__Goal of the exercise__. What is needed is the number of lines in the data below that include "dxfattribs", stated by itself.
━━━━
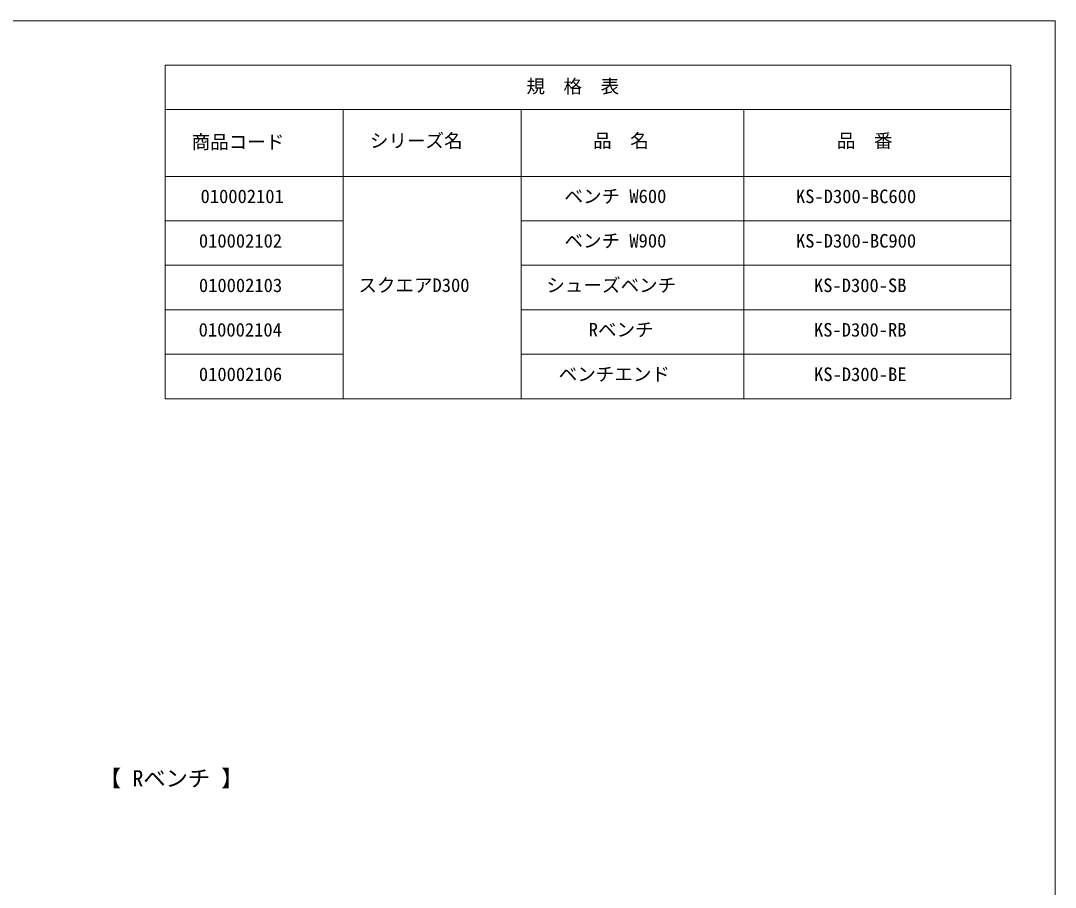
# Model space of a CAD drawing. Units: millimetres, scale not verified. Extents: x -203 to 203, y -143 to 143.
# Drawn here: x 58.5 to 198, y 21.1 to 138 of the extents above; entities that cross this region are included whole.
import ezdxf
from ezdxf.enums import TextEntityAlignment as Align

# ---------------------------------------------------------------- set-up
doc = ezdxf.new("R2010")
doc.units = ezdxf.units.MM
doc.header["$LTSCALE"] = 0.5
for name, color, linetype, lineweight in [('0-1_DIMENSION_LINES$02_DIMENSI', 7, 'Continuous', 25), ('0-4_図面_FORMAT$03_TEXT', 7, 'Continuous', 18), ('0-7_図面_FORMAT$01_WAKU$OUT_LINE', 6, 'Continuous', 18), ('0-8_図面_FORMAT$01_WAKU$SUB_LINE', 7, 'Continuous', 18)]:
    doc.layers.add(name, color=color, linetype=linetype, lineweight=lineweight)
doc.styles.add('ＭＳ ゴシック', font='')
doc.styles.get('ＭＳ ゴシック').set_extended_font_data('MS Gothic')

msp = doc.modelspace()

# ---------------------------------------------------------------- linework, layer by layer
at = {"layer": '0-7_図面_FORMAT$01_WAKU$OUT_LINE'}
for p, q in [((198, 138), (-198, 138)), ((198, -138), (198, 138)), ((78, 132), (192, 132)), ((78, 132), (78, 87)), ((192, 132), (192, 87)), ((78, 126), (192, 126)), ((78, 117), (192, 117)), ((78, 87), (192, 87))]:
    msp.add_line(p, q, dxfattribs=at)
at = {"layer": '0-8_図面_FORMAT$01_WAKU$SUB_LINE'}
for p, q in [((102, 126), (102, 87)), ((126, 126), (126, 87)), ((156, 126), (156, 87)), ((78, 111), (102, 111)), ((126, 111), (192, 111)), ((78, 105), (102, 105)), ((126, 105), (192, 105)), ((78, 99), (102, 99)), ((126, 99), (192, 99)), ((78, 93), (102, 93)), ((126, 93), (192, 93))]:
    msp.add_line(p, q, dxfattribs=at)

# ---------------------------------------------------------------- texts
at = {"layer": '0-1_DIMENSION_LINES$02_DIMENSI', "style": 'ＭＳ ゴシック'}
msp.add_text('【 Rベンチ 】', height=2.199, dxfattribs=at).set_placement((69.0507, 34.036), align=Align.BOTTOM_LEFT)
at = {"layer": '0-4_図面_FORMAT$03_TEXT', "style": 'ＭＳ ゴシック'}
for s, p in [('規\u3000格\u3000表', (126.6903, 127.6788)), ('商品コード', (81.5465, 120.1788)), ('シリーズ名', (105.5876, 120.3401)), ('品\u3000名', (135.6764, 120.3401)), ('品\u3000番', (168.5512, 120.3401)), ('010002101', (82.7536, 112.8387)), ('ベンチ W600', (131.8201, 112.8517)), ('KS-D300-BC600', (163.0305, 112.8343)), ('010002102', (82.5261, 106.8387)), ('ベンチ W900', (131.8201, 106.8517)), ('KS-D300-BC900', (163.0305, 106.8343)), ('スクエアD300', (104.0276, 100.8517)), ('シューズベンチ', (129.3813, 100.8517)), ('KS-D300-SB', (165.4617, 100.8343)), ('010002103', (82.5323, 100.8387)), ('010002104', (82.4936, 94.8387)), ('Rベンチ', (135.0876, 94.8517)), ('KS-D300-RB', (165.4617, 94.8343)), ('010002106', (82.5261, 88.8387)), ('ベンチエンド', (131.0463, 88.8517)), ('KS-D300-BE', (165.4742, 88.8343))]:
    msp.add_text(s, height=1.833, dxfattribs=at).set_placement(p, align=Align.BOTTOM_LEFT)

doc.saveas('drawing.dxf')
━━━━
__Output for this exercise__. 4